二つ目は coeffect(余効果)です。これは「計算が環境に対して何を要求するか」を記述するものです。どの設定を読み取る必要があるか、どのサービスに依存しているかなどが対象となります。この概念は Petricek 氏らによる 2013 年の研究に由来し、effect の双対(対偶)として位置づけられています。
重要な洞察は、これらの概念が従来はコンパイル時の静的解析ツールとして使われてきた点です。型システムはコンパイル時に「このコードがどのような副作用を発生させる可能性があるか」「どのような文脈が必要か」をチェックし、その制約は辞書的スコープ内で固定されていました。Cordis の論文では、これらをランタイムメカニズムへと昇華させ、コンポーネントが随時到着・離脱する動的なシナリオでも機能するようにしました。これが、既存の取り組みとの決定的な違いです。

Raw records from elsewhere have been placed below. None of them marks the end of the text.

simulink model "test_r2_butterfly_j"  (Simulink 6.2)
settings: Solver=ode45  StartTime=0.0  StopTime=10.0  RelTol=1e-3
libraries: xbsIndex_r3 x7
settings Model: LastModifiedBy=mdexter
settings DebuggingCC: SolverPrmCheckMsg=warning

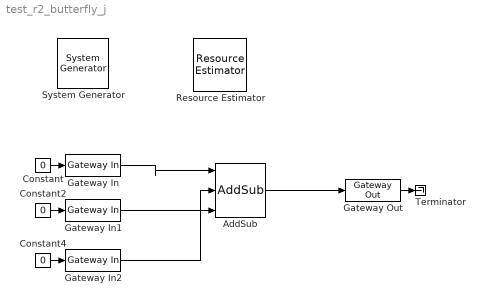
== system test_r2_butterfly_j ==
  " System Generator" : xbsIndex_r3/ System Generator  Tag=genX  xilinxfamily=Virtex2  part=xc2v1000  speed=-4  package=bg575  synthesis_tool=XST  directory=./netlist  testbench=off  simulink_period=1  sysclk_period=100  incr_netlist=off  trim_vbits=Everywhere in SubSystem  dbl_ovrd=According to Block Masks  core_generation=According to Block Masks  run_coregen=off  deprecated_control=off  eval_field=0
      settings: AttributesFormatString=System\nGenerator
  AddSub : xbsIndex_r3/AddSub  mode=Addition or Subtraction  precision=Full  arith_type=Unsigned  n_bits=8  bin_pt=2  quantization=Truncate  overflow=Wrap  latency=1  explicit_period=off  period=1  use_carryin=off  use_carryout=off  en=off  dbl_ovrd=off  show_param=on  use_core=on  pipeline=on  use_rpm=on  gen_core=off
      settings: xl_area=[5 9 0 9 0 0 0]
  Constant : Constant  Value=0
  Constant2 : Constant  Value=0
  Constant4 : Constant  Value=0
  Gateway In : xbsIndex_r3/Gateway In  arith_type="Signed  (2's comp)"  n_bits=8  bin_pt=7  quantization=Truncate  overflow=Wrap  period=1  timing_constraint=None  locs_specified=off  LOCs={}  needs_fixed_name=off  dbl_ovrd=off  show_param=off
      settings: xl_area=[0 0 0 0 8 0 0]
  Gateway In1 : xbsIndex_r3/Gateway In  arith_type="Signed  (2's comp)"  n_bits=8  bin_pt=7  quantization=Truncate  overflow=Wrap  period=1  timing_constraint=None  locs_specified=off  LOCs={}  needs_fixed_name=off  dbl_ovrd=off  show_param=off
      settings: xl_area=[0 0 0 0 8 0 0]
  Gateway In2 : xbsIndex_r3/Gateway In  arith_type=Boolean  n_bits=8  bin_pt=7  quantization=Truncate  overflow=Wrap  period=1  timing_constraint=None  locs_specified=off  LOCs={}  needs_fixed_name=off  dbl_ovrd=off  show_param=off
      settings: xl_area=[0 0 0 0 1 0 0]
  Gateway Out : xbsIndex_r3/Gateway Out  output_type=Double  nbits=8  bin_pt=6  arith_type=Boolean  quantization=Truncate  overflow=Wrap  hdl_port=on  timing_constraint=None  locs_specified=off  LOCs={}  needs_fixed_name=off  show_param=off
      settings: xl_area=[0 0 0 0 9 0 0]
  Resource Estimator : xbsIndex_r3/Resource Estimator  Tag=resEstTag  xl_estimator_area=[5 9 0 9 26 0 0]  xl_use_estimator_area=off  simulink_period=1  mrp_directory=./netlist
      settings: AttributesFormatString=Resource Estimator\n%<xl_estimator_area>\n[SL FF BR LUT IO MUL TBUF]
  Terminator : Terminator
  wires:
  Gateway In/1 -> AddSub/1
  AddSub/1 -> Gateway Out/1
  Constant/1 -> Gateway In/1
  Constant2/1 -> Gateway In1/1
  Gateway Out/1 -> Terminator/1
  Constant4/1 -> Gateway In2/1
  Gateway In2/1 -> AddSub/3
  Gateway In1/1 -> AddSub/2

5.3 可逆的な副作用:「取り消し」を構造的保証とする
5.3.1 コアアイデア:すべての変換には逆変換が伴う
時間次元における要請は、「コンポーネントのアンロード=共有環境への復元」です。論文では effect を以下のようにモデル化しています。
e : Γ → Γ × (Γ → Γ)
これは、effect 関数が現在の文脈(Γ)を受け取り、新しい文脈と逆変換関数(undo 関数)のペアを返すことを意味します。この逆変換をランタイムに委ねることで、effect の追跡が可能になります。そして、その逆変換をランタイムが自動的に組み合わせることで、「復元」は開発者が手動でクリーンアップする仕組みではなく、構造的な保証へと昇華します。
形式的には、効果文脈 ∂Γ = (γ, φ) と定義されます。ここで γ は現在の状態を表し、φ はこれまでのすべての effect の逆変換を合成した累算器です。これにより、track 関数は effect を実行する際に新しい状態を γ に書き込み、その逆変換を φ に合成します。
リカバリ処理では、φを現在の状態に作用させることで、φ(γ) が初期状態 γ₀(論文では「健全性不変量」と呼ばれる)へと戻ります。
逆順の累積(ツイストされた合成)により、「先に実行された効果ほど後に撤销される」という LIFO(後入れ先出し)の仕組みが自然に実現されます。
Cordis におけるすべてのコンテキスト変更は、ctx.effect という単一的原語に集約されています。サービス提供、プラグインのマウント、リスナーの登録などはすべてこの原語の特殊ケースに過ぎません。そして今、その正当性が証明されました。